Researchers agree that unleashing deep-learning models on the vast amounts of data available today has progressed artificial-intelligence capabilities to once unattainable levels. However, deep learning isn’t the ideal technique for every application in which AI could provide significant performance gains over what humans could achieve alone. Earlier this year at the AI Frontiers conference in Santa Clara, California, we sat down with AI experts from some of the world’s leading technology-first organizations to learn about other techniques researchers are exploring to expand the applications of AI. An edited version of their remarks follows.
This video is one in a five-part Ask the AI Experts series that answers top-of-mind questions about the technology:
- What’s driving today’s progress in AI?
- What are the applications of AI?
- Should we be afraid of AI?
- What advice would you give to executives about AI?
Mohak Shah, lead expert, data science, Bosch Research and Technology Center, North America: In terms of technology, I think acceleration is going to come when we put all the pieces together. We already have things like deep learning that are making advances. Now what we are going to see is machines that can develop capabilities or understanding without being provided this information from the outside. I think that in the classical machine-learning or AI world we would like to go from the supervised-learning world, where we are telling machines what to learn, to a world where the machines can infer things on their own.

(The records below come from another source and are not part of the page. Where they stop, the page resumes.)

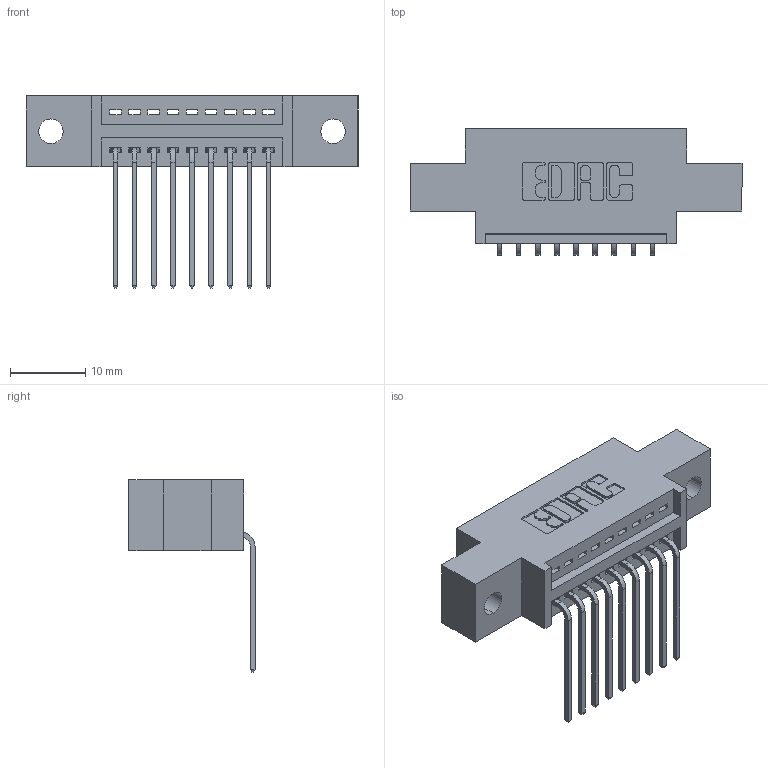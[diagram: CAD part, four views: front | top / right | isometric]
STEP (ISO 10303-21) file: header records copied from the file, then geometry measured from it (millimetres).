
FILE_DESCRIPTION (( 'STEP AP203' ), '1' );
FILE_NAME ('395-009-559-602.STEP', '2019-10-15T20:56:39', ( '' ), ( '' ), 'SwSTEP 2.0', 'SolidWorks 2016', '' );
FILE_SCHEMA (( 'CONFIG_CONTROL_DESIGN' ));
Length unit declared in the file: inch
Products named in the file (3): 395-009-559-602; 345-292-001_558 559 Tail - 1; 345 Part_0.170 Offset - 0.128 Dia
Assembly tree (10 placements, depth 2):
  395-009-559-602
    345 Part_0.170 Offset - 0.128 Dia
    345-292-001_558 559 Tail - 1  x9
Bounding box: 44.07 x 16.75 x 25.53 mm (x, y, z)
Volume: 3795.3 mm3; surface area: 4626.4 mm2
Topology: 10 solids, 10 shells, 670 faces, 1991 edges, 1314 vertices
Faces by surface type: plane 462, cylinder 208
Entity records: 11435 total; most frequent: CARTESIAN_POINT 1991, ORIENTED_EDGE 1934, DIRECTION 1785, EDGE_CURVE 967, LINE 799, VECTOR 799, VERTEX_POINT 642, AXIS2_PLACEMENT_3D 493
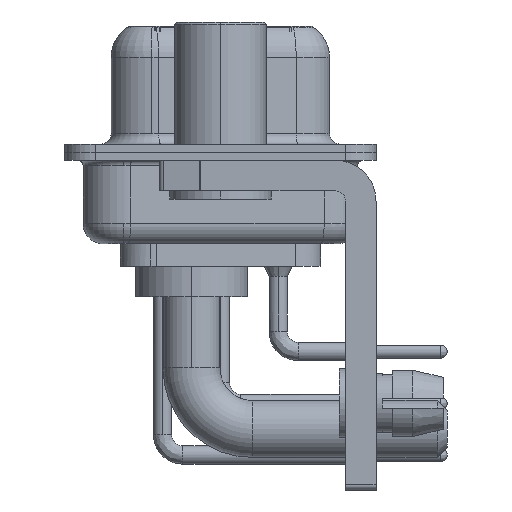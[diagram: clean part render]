
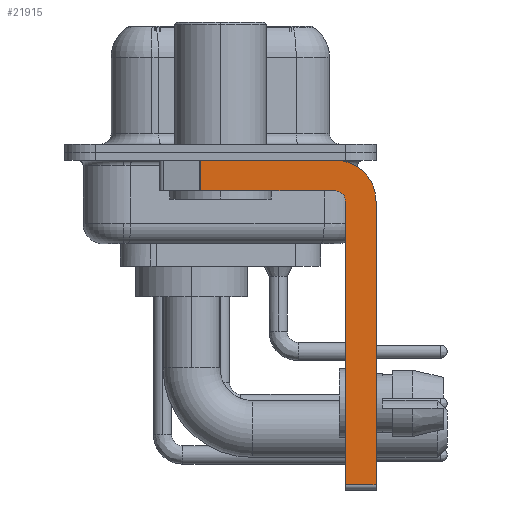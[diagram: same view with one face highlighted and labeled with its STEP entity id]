
A CAD part, left-side view. The second image highlights one B-rep face of the part: STEP entity #21915.
In plain terms, the highlighted planar face has unit normal (-1, 0, 0).
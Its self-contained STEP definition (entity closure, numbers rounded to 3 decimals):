
#476 = DIRECTION ( 'NONE',  ( 0., 1., 0. ) ) ;
#931 = VERTEX_POINT ( 'NONE', #17127 ) ;
#1268 = CARTESIAN_POINT ( 'NONE',  ( -2.9, -5.65, -1.9 ) ) ;
#1947 = DIRECTION ( 'NONE',  ( -1., 0., 0. ) ) ;
#2208 = ORIENTED_EDGE ( 'NONE', *, *, #35871, .F. ) ;
#2406 = EDGE_CURVE ( 'NONE', #29505, #25362, #16169, .T. ) ;
#2576 = CARTESIAN_POINT ( 'NONE',  ( -2.9, 0.978, -0.4 ) ) ;
#2793 = CARTESIAN_POINT ( 'NONE',  ( -2.9, -5.65, -16.35 ) ) ;
#3066 = LINE ( 'NONE', #5642, #3891 ) ;
#3183 = CARTESIAN_POINT ( 'NONE',  ( -2.9, -6.15, -16.6 ) ) ;
#3477 = ORIENTED_EDGE ( 'NONE', *, *, #10127, .F. ) ;
#3891 = VECTOR ( 'NONE', #19335, 1000. ) ;
#5642 = CARTESIAN_POINT ( 'NONE',  ( -2.9, -7.65, -2.4 ) ) ;
#5652 = ORIENTED_EDGE ( 'NONE', *, *, #29781, .F. ) ;
#6214 = VECTOR ( 'NONE', #8956, 1000. ) ;
#7767 = EDGE_CURVE ( 'NONE', #18252, #25362, #30823, .T. ) ;
#7965 = VERTEX_POINT ( 'NONE', #34648 ) ;
#8411 = AXIS2_PLACEMENT_3D ( 'NONE', #10157, #1947, #10527 ) ;
#8686 = LINE ( 'NONE', #3183, #35648 ) ;
#8956 = DIRECTION ( 'NONE',  ( 0., -1., 0. ) ) ;
#9584 = ORIENTED_EDGE ( 'NONE', *, *, #7767, .T. ) ;
#10127 = EDGE_CURVE ( 'NONE', #26708, #931, #3066, .T. ) ;
#10157 = CARTESIAN_POINT ( 'NONE',  ( -2.9, -5.65, -2.4 ) ) ;
#10228 = ORIENTED_EDGE ( 'NONE', *, *, #17665, .F. ) ;
#10527 = DIRECTION ( 'NONE',  ( 0., 0., 1. ) ) ;
#10936 = DIRECTION ( 'NONE',  ( 1., 0., 0. ) ) ;
#11313 = DIRECTION ( 'NONE',  ( 0., 0., -1. ) ) ;
#11438 = CARTESIAN_POINT ( 'NONE',  ( -2.9, 0.978, -1.9 ) ) ;
#11510 = LINE ( 'NONE', #22634, #6214 ) ;
#12975 = ORIENTED_EDGE ( 'NONE', *, *, #35135, .T. ) ;
#13261 = DIRECTION ( 'NONE',  ( 0., 0., -1. ) ) ;
#14230 = AXIS2_PLACEMENT_3D ( 'NONE', #35353, #30399, #13261 ) ;
#14413 = CARTESIAN_POINT ( 'NONE',  ( -2.9, 0.978, -1.9 ) ) ;
#15639 = CARTESIAN_POINT ( 'NONE',  ( -2.9, -6.15, -16.35 ) ) ;
#16169 = LINE ( 'NONE', #17226, #30642 ) ;
#16382 = EDGE_CURVE ( 'NONE', #21142, #29505, #24127, .T. ) ;
#17103 = CARTESIAN_POINT ( 'NONE',  ( -2.9, -5.65, -2.4 ) ) ;
#17127 = CARTESIAN_POINT ( 'NONE',  ( -2.9, -7.65, -16.35 ) ) ;
#17226 = CARTESIAN_POINT ( 'NONE',  ( -2.9, -5.65, -1.9 ) ) ;
#17665 = EDGE_CURVE ( 'NONE', #7965, #26708, #17802, .T. ) ;
#17802 = CIRCLE ( 'NONE', #14230, 2. ) ;
#18060 = ORIENTED_EDGE ( 'NONE', *, *, #16382, .F. ) ;
#18252 = VERTEX_POINT ( 'NONE', #2576 ) ;
#18646 = EDGE_LOOP ( 'NONE', ( #2208, #9584, #30124, #18060, #5652, #12975, #3477, #10228 ) ) ;
#19012 = VECTOR ( 'NONE', #11313, 1000. ) ;
#19335 = DIRECTION ( 'NONE',  ( 0., 0., -1. ) ) ;
#21142 = VERTEX_POINT ( 'NONE', #26293 ) ;
#21915 = ADVANCED_FACE ( 'NONE', ( #30980 ), #22410, .F. ) ;
#22383 = CARTESIAN_POINT ( 'NONE',  ( -2.9, -7.65, -2.4 ) ) ;
#22410 = PLANE ( 'NONE',  #25069 ) ;
#22634 = CARTESIAN_POINT ( 'NONE',  ( -2.9, 3., -0.4 ) ) ;
#24127 = CIRCLE ( 'NONE', #8411, 0.5 ) ;
#25069 = AXIS2_PLACEMENT_3D ( 'NONE', #17103, #10936, #30443 ) ;
#25362 = VERTEX_POINT ( 'NONE', #11438 ) ;
#25446 = DIRECTION ( 'NONE',  ( 0., 0., 1. ) ) ;
#26293 = CARTESIAN_POINT ( 'NONE',  ( -2.9, -6.15, -2.4 ) ) ;
#26533 = VERTEX_POINT ( 'NONE', #15639 ) ;
#26708 = VERTEX_POINT ( 'NONE', #22383 ) ;
#29505 = VERTEX_POINT ( 'NONE', #1268 ) ;
#29781 = EDGE_CURVE ( 'NONE', #26533, #21142, #8686, .T. ) ;
#30124 = ORIENTED_EDGE ( 'NONE', *, *, #2406, .F. ) ;
#30399 = DIRECTION ( 'NONE',  ( 1., 0., 0. ) ) ;
#30443 = DIRECTION ( 'NONE',  ( 0., 0., -1. ) ) ;
#30642 = VECTOR ( 'NONE', #476, 1000. ) ;
#30823 = LINE ( 'NONE', #14413, #19012 ) ;
#30980 = FACE_OUTER_BOUND ( 'NONE', #18646, .T. ) ;
#31837 = VECTOR ( 'NONE', #33103, 1000. ) ;
#33103 = DIRECTION ( 'NONE',  ( 0., -1., 0. ) ) ;
#33642 = LINE ( 'NONE', #2793, #31837 ) ;
#34648 = CARTESIAN_POINT ( 'NONE',  ( -2.9, -5.65, -0.4 ) ) ;
#35135 = EDGE_CURVE ( 'NONE', #26533, #931, #33642, .T. ) ;
#35353 = CARTESIAN_POINT ( 'NONE',  ( -2.9, -5.65, -2.4 ) ) ;
#35648 = VECTOR ( 'NONE', #25446, 1000. ) ;
#35871 = EDGE_CURVE ( 'NONE', #18252, #7965, #11510, .T. ) ;
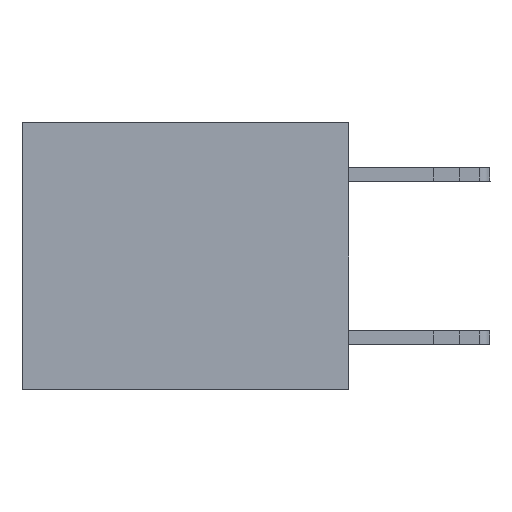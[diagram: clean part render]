
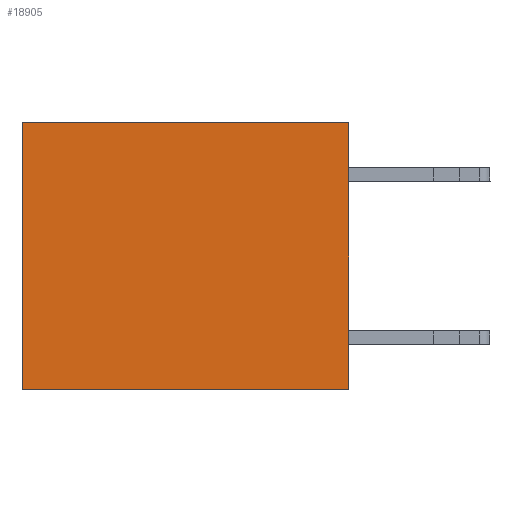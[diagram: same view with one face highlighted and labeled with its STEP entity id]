
A CAD part, left-side view. The second image highlights one B-rep face of the part: STEP entity #18905.
In plain terms, the highlighted planar face has unit normal (-1, 0, 0).
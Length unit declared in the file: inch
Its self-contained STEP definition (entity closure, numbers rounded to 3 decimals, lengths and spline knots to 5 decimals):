
#299 = EDGE_CURVE ( 'NONE', #15419, #5548, #28217, .T. ) ;
#570 = CARTESIAN_POINT ( 'NONE',  ( 0.3165, 0., -0.49 ) ) ;
#3374 = DIRECTION ( 'NONE',  ( 0., 0., -1. ) ) ;
#4100 = DIRECTION ( 'NONE',  ( 0., 1., 0. ) ) ;
#5244 = CARTESIAN_POINT ( 'NONE',  ( 0.3165, 0., -0.49 ) ) ;
#5548 = VERTEX_POINT ( 'NONE', #22096 ) ;
#7790 = EDGE_CURVE ( 'NONE', #15396, #23999, #29024, .T. ) ;
#9704 = DIRECTION ( 'NONE',  ( 1., 0., 0. ) ) ;
#9738 = CARTESIAN_POINT ( 'NONE',  ( 0.3165, 0., -0.49 ) ) ;
#10793 = CARTESIAN_POINT ( 'NONE',  ( 0.3165, 0., 0. ) ) ;
#13376 = CARTESIAN_POINT ( 'NONE',  ( 0.3165, 0.6, -0.49 ) ) ;
#13514 = CARTESIAN_POINT ( 'NONE',  ( 0.3165, 0.6, -0.49 ) ) ;
#15396 = VERTEX_POINT ( 'NONE', #570 ) ;
#15419 = VERTEX_POINT ( 'NONE', #15580 ) ;
#15580 = CARTESIAN_POINT ( 'NONE',  ( 0.3165, 0., 0. ) ) ;
#15620 = VECTOR ( 'NONE', #3374, 39.37008 ) ;
#16454 = VECTOR ( 'NONE', #4100, 39.37008 ) ;
#17213 = DIRECTION ( 'NONE',  ( 0., 0., -1. ) ) ;
#17348 = DIRECTION ( 'NONE',  ( 0., 0., -1. ) ) ;
#17534 = PLANE ( 'NONE',  #19337 ) ;
#17931 = EDGE_LOOP ( 'NONE', ( #21598, #27210, #29148, #20636 ) ) ;
#18905 = ADVANCED_FACE ( 'NONE', ( #21263 ), #17534, .F. ) ;
#19177 = VECTOR ( 'NONE', #17348, 39.37008 ) ;
#19337 = AXIS2_PLACEMENT_3D ( 'NONE', #5244, #9704, #17213 ) ;
#20636 = ORIENTED_EDGE ( 'NONE', *, *, #299, .T. ) ;
#21263 = FACE_OUTER_BOUND ( 'NONE', #17931, .T. ) ;
#21495 = VECTOR ( 'NONE', #28320, 39.37008 ) ;
#21598 = ORIENTED_EDGE ( 'NONE', *, *, #24504, .T. ) ;
#22096 = CARTESIAN_POINT ( 'NONE',  ( 0.3165, 0.6, 0. ) ) ;
#23647 = EDGE_CURVE ( 'NONE', #15419, #15396, #27844, .T. ) ;
#23822 = LINE ( 'NONE', #13376, #15620 ) ;
#23999 = VERTEX_POINT ( 'NONE', #13514 ) ;
#24504 = EDGE_CURVE ( 'NONE', #5548, #23999, #23822, .T. ) ;
#27210 = ORIENTED_EDGE ( 'NONE', *, *, #7790, .F. ) ;
#27844 = LINE ( 'NONE', #9738, #19177 ) ;
#28217 = LINE ( 'NONE', #10793, #21495 ) ;
#28320 = DIRECTION ( 'NONE',  ( 0., 1., 0. ) ) ;
#29024 = LINE ( 'NONE', #32277, #16454 ) ;
#29148 = ORIENTED_EDGE ( 'NONE', *, *, #23647, .F. ) ;
#32277 = CARTESIAN_POINT ( 'NONE',  ( 0.3165, 0., -0.49 ) ) ;
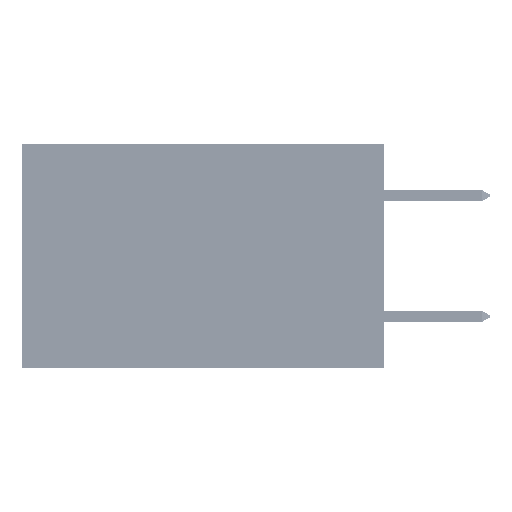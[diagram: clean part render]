
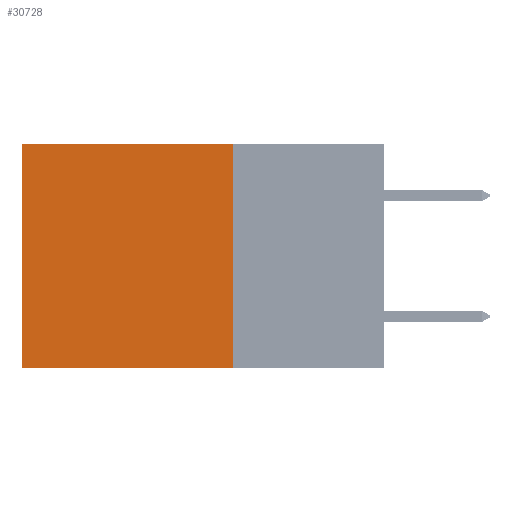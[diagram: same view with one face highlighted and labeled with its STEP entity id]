
A CAD part, left-side view. The second image highlights one B-rep face of the part: STEP entity #30728.
In plain terms, the highlighted planar face has unit normal (-1, 0, 0).
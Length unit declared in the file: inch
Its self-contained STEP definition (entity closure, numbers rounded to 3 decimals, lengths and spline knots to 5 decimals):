
#74 = VECTOR ( 'NONE', #13204, 39.37008 ) ;
#1607 = ORIENTED_EDGE ( 'NONE', *, *, #37085, .T. ) ;
#2715 = CARTESIAN_POINT ( 'NONE',  ( 0.2875, 0.6, -0.37 ) ) ;
#3790 = ORIENTED_EDGE ( 'NONE', *, *, #46509, .F. ) ;
#5018 = VERTEX_POINT ( 'NONE', #15693 ) ;
#5641 = PLANE ( 'NONE',  #8435 ) ;
#6430 = LINE ( 'NONE', #10600, #24464 ) ;
#7320 = VECTOR ( 'NONE', #24027, 39.37008 ) ;
#8435 = AXIS2_PLACEMENT_3D ( 'NONE', #9534, #13396, #39949 ) ;
#9355 = CARTESIAN_POINT ( 'NONE',  ( 0.2875, 0.25, -0.37 ) ) ;
#9534 = CARTESIAN_POINT ( 'NONE',  ( 0.2875, 0.25, 0. ) ) ;
#10600 = CARTESIAN_POINT ( 'NONE',  ( 0.2875, 0.25, 0. ) ) ;
#13121 = FACE_OUTER_BOUND ( 'NONE', #41880, .T. ) ;
#13204 = DIRECTION ( 'NONE',  ( 0., 1., 0. ) ) ;
#13396 = DIRECTION ( 'NONE',  ( 1., 0., 0. ) ) ;
#15693 = CARTESIAN_POINT ( 'NONE',  ( 0.2875, 0.25, -0.37 ) ) ;
#16811 = VERTEX_POINT ( 'NONE', #40449 ) ;
#16934 = DIRECTION ( 'NONE',  ( 0., 0., -1. ) ) ;
#20194 = CARTESIAN_POINT ( 'NONE',  ( 0.2875, 0.25, 0. ) ) ;
#21841 = LINE ( 'NONE', #43367, #40722 ) ;
#22018 = DIRECTION ( 'NONE',  ( 0., 1., 0. ) ) ;
#23099 = ORIENTED_EDGE ( 'NONE', *, *, #40465, .T. ) ;
#24027 = DIRECTION ( 'NONE',  ( 0., 0., -1. ) ) ;
#24464 = VECTOR ( 'NONE', #22018, 39.37008 ) ;
#26283 = EDGE_CURVE ( 'NONE', #5018, #42481, #30788, .T. ) ;
#30728 = ADVANCED_FACE ( 'NONE', ( #13121 ), #5641, .F. ) ;
#30788 = LINE ( 'NONE', #9355, #74 ) ;
#32507 = CARTESIAN_POINT ( 'NONE',  ( 0.2875, 0.25, 0. ) ) ;
#37085 = EDGE_CURVE ( 'NONE', #16811, #42481, #21841, .T. ) ;
#39949 = DIRECTION ( 'NONE',  ( 0., 0., -1. ) ) ;
#40449 = CARTESIAN_POINT ( 'NONE',  ( 0.2875, 0.6, 0. ) ) ;
#40465 = EDGE_CURVE ( 'NONE', #46043, #16811, #6430, .T. ) ;
#40722 = VECTOR ( 'NONE', #16934, 39.37008 ) ;
#41880 = EDGE_LOOP ( 'NONE', ( #1607, #48128, #3790, #23099 ) ) ;
#42481 = VERTEX_POINT ( 'NONE', #2715 ) ;
#43367 = CARTESIAN_POINT ( 'NONE',  ( 0.2875, 0.6, 0. ) ) ;
#46043 = VERTEX_POINT ( 'NONE', #32507 ) ;
#46433 = LINE ( 'NONE', #20194, #7320 ) ;
#46509 = EDGE_CURVE ( 'NONE', #46043, #5018, #46433, .T. ) ;
#48128 = ORIENTED_EDGE ( 'NONE', *, *, #26283, .F. ) ;

Adam Coates, director, Baidu Research Silicon Valley AI Lab: One of the big problems with deep learning the way we use it today is that we need huge amounts of annotated data. For example, for speech recognition—which I think is exciting because it’s getting so good—one of the challenges is that we don’t just need the audio for the speech, we need a human to give us a transcription. That can be very expensive.
So if you want to build a new application, you have to first think about where you are going to get all that annotated data for the thing you want to predict. One of the things I think is really exciting is that unsupervised learning is starting to show some very interesting results. Unsupervised learning is an algorithm, or a class of algorithms, that can learn to either make predictions or learn about your data set without being told what to look for. We know that humans do this all over the place. I have a young son, and it’s clear that I didn’t have to tell him that this was a coffee cup a thousand times. He just knows that it’s a cup after a couple of examples. The reason that humans can do this is that we’re learning from all the other things we’re seeing and hearing, and somehow fusing that into our knowledge, so that when you say, “That’s a cup,” I quickly learn that concept.
We haven’t quite made the last connection to figure out how to make all of our supervised systems, all of our predictions, much better by using these unsupervised technologies. I think if that happens, that’ll mean we can harness new kinds of data, and we can make much better predictions than we’ve done in the past.
Li Deng, chief AI officer, Citadel: The talk that I gave today about what I call “the dialogue systems”—some people call them “the bots,” but it’s really the same concept: how to have an agent, an intelligent agent, who is able to converse with a human. That is the kind of problem that not just big data can solve and not just the deep depth of the neural network can solve. It requires some very intelligent way of interaction. That’s a different paradigm, it’s called the reinforcement-learning paradigm.
Gary Bradski, chief technology officer, Arraiy: The big thing in deep learning is deep reinforcement learning. These are the techniques that have been beating people at game play. Reinforcement learning is where, in the end, you want to achieve a goal, such as putting something in a slot or a rat getting food.
If you’re doing a maze, you went left-right-left-right-left-right, found food. That’s when you get your signal, “Hey, I got food.” You have to remember and propagate that back in time so that you know, “Oh, I should take a left here and a right here.” So that’s what reinforcement learning is—it’s learning from these end rewards, and being able to assign that signal, that learning signal, back through that trace in time.